» **Task statement**:
Lines holding the string "github" are the ones to copy; find them all in the data.

[Records from a data source]
BEGIN

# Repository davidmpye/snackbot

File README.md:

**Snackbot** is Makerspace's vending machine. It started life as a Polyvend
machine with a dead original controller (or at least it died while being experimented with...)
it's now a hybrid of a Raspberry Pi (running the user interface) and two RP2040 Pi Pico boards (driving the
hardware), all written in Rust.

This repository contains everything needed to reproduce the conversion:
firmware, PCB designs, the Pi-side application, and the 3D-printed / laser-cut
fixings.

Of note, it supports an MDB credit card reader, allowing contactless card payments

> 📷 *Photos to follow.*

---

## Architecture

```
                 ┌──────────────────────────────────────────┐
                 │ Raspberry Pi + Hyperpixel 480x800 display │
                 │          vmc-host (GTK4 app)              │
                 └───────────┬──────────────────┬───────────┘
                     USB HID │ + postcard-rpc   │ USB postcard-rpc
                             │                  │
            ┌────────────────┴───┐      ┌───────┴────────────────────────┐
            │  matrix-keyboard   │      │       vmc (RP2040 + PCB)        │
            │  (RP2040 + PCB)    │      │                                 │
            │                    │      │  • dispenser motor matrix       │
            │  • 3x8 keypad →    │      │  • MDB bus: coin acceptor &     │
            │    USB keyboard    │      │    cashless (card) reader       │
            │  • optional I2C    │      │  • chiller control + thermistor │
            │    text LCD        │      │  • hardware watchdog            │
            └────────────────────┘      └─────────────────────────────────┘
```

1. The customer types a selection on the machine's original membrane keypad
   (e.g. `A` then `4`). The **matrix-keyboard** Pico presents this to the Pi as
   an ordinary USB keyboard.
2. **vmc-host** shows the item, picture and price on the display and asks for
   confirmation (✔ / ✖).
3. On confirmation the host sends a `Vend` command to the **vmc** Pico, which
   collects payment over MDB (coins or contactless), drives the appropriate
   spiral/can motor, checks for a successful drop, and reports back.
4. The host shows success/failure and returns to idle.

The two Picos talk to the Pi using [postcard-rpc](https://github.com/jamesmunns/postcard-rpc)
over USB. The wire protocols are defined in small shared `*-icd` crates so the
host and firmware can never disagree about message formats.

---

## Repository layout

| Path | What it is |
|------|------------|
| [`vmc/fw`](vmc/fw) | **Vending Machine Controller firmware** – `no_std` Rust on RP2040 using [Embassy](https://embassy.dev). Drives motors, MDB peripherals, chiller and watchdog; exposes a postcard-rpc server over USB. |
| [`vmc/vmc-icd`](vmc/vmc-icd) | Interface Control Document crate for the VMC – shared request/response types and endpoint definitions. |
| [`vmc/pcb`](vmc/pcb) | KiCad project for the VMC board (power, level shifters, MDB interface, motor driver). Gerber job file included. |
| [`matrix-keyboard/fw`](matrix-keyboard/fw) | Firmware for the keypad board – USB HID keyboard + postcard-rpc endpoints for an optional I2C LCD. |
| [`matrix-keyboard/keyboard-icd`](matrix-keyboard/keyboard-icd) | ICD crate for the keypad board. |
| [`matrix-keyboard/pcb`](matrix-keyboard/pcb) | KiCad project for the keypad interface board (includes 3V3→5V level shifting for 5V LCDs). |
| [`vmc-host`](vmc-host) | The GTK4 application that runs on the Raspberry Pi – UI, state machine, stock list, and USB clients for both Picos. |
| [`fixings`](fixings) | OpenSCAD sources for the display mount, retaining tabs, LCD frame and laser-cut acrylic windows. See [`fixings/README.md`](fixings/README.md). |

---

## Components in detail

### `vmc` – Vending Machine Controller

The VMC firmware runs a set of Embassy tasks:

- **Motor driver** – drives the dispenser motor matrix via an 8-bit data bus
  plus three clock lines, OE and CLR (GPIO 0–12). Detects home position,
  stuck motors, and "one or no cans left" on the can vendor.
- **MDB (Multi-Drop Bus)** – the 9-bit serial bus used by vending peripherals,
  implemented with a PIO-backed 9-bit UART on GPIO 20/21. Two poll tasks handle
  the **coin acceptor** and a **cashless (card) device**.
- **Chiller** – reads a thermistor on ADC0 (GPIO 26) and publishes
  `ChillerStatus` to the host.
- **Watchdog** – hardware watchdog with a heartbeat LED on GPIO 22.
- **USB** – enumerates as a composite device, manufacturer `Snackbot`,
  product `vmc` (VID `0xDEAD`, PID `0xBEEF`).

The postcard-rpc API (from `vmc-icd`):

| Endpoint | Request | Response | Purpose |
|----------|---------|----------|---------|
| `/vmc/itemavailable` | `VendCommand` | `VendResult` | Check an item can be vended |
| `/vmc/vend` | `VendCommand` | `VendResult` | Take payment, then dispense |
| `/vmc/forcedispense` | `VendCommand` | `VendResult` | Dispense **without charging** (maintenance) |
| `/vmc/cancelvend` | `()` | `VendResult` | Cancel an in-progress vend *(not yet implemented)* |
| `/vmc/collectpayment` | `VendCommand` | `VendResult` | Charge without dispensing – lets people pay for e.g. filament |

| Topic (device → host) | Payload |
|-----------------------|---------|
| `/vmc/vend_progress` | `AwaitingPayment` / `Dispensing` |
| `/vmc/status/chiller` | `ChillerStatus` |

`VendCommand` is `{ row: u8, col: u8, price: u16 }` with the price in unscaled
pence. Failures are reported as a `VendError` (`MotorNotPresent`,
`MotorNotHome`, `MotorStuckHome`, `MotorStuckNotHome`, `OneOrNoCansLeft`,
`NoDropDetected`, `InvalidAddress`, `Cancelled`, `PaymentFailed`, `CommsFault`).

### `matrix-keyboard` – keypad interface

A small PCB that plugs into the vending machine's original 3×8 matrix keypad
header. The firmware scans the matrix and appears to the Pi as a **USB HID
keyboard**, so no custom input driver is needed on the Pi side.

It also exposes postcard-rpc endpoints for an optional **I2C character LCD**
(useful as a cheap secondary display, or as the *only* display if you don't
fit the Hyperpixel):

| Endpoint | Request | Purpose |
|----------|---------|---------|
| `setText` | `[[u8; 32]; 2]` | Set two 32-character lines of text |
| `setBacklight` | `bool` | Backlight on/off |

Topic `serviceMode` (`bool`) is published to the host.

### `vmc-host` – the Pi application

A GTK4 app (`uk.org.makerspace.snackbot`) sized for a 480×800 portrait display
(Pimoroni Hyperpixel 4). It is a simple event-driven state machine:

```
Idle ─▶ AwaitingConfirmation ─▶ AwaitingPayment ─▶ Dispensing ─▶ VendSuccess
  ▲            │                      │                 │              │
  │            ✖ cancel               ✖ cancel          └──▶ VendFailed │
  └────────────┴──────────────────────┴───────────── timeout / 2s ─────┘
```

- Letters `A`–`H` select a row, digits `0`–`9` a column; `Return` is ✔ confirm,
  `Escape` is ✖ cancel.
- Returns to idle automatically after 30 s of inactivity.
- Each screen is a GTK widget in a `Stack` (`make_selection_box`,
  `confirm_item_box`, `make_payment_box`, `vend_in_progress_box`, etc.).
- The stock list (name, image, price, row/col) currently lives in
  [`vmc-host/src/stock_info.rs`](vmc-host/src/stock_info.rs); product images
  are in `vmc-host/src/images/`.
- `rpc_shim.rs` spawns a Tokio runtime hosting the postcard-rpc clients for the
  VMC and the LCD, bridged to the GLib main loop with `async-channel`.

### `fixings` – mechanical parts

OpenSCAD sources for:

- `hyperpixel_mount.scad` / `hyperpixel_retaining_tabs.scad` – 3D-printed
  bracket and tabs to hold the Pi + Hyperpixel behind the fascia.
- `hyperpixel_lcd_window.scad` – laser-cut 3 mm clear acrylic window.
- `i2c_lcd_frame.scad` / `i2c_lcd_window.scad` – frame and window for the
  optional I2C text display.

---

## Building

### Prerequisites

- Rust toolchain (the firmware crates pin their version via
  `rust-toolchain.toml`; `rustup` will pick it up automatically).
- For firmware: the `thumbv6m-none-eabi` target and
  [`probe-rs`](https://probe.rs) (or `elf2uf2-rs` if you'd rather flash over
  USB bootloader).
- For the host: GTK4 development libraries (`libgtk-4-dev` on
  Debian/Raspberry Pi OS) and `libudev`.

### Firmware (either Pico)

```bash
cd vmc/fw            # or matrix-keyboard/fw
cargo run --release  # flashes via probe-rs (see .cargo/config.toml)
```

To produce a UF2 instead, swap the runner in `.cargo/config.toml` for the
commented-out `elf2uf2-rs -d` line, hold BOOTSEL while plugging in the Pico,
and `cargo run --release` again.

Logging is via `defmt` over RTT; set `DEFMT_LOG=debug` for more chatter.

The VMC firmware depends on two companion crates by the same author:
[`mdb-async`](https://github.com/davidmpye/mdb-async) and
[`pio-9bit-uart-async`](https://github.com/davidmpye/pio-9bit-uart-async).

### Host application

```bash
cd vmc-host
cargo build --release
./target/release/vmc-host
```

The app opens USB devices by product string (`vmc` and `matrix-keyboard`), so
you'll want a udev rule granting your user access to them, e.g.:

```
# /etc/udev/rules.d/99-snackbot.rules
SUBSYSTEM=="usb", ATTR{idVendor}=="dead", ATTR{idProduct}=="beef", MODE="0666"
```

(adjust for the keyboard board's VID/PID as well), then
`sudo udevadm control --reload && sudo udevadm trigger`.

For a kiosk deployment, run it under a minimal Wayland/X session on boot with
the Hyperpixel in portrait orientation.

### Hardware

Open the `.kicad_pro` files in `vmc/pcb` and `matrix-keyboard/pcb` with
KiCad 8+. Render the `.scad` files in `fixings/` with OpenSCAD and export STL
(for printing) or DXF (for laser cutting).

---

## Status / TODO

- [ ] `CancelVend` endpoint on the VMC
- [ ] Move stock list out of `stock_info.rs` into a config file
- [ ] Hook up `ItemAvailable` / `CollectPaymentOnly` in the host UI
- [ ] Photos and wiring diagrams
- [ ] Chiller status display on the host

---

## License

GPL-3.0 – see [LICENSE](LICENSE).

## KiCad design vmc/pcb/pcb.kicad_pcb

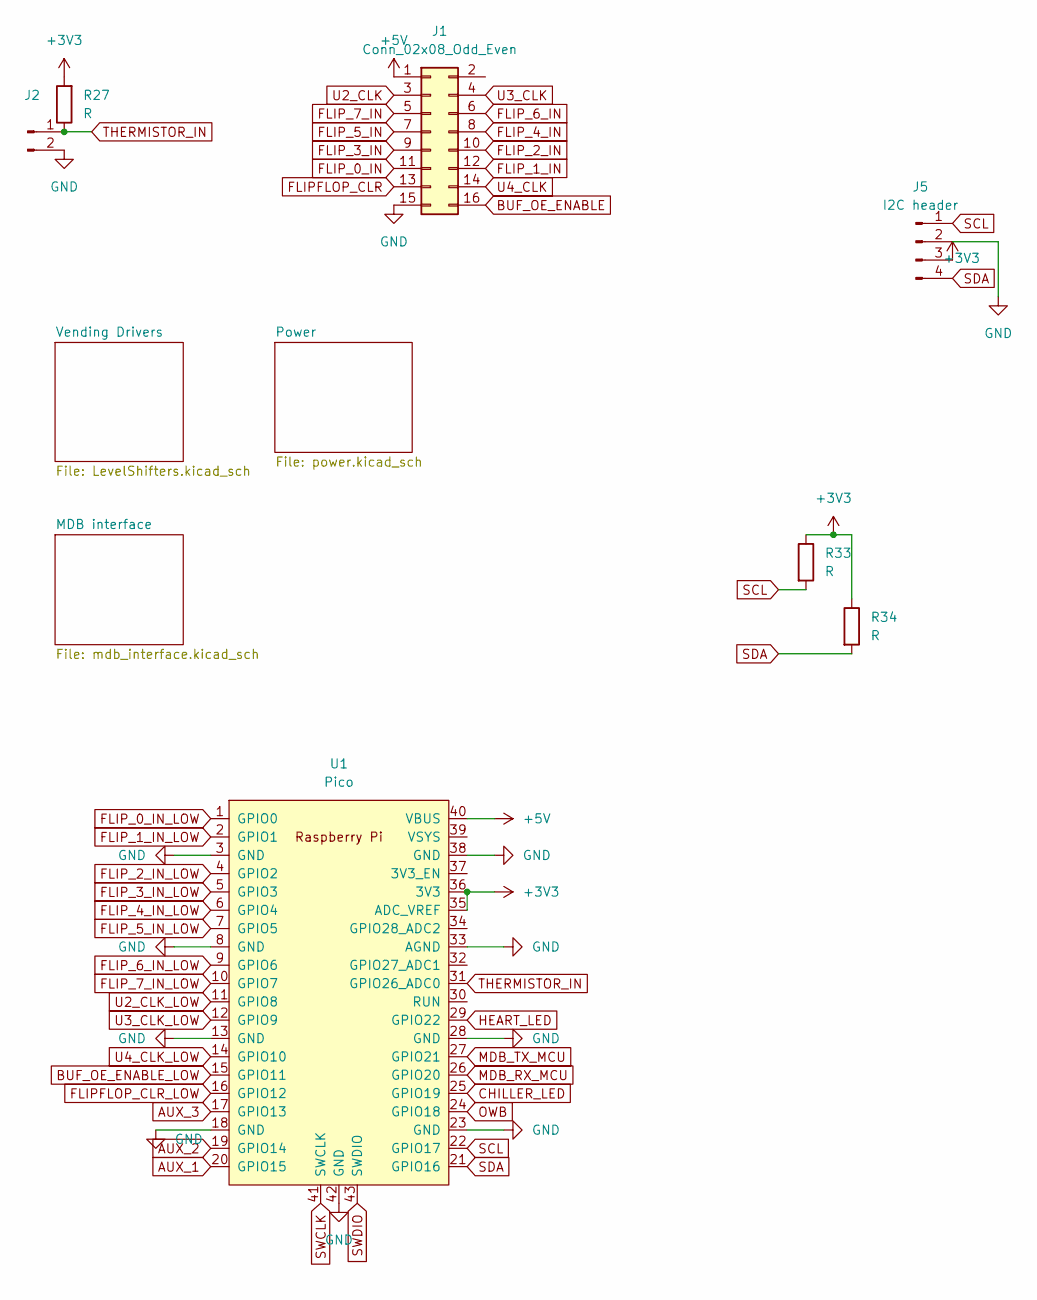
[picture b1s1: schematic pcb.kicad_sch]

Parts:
J1: Conn_02x08_Odd_Even; PinHeader_2x08_P2.54mm_Vertical
J2: Conn_01x02_Pin; JST_PH_B2B-PH-K_1x02_P2.00mm_Vertical
J5: I2C header; PinHeader_1x04_P2.54mm_Vertical
R27, R33, R34: R; R_1206_3216Metric
U1: Pico; RPi_Pico_SMD_TH

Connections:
+3V3: J5.3, R27.2, R33.1, R34.1, U1.35 (ADC_VREF), U1.36 (3V3); also elsewhere on the board
+5V: J1.1, U1.40 (VBUS); also elsewhere on the board
AUX_1: U1.20 (GPIO15); also elsewhere on the board
AUX_2: U1.19 (GPIO14); also elsewhere on the board
AUX_3: U1.17 (GPIO13); also elsewhere on the board
BUF_OE_ENABLE: J1.16; also elsewhere on the board
BUF_OE_ENABLE_LOW: U1.15 (GPIO11); also elsewhere on the board
CHILLER_LED: U1.25 (GPIO19); also elsewhere on the board
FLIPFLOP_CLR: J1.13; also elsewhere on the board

END

» **Solution**:
The two Picos talk to the Pi using [postcard-rpc](https://github.com/jamesmunns/postcard-rpc)
[`mdb-async`](https://github.com/davidmpye/mdb-async) and
[`pio-9bit-uart-async`](https://github.com/davidmpye/pio-9bit-uart-async).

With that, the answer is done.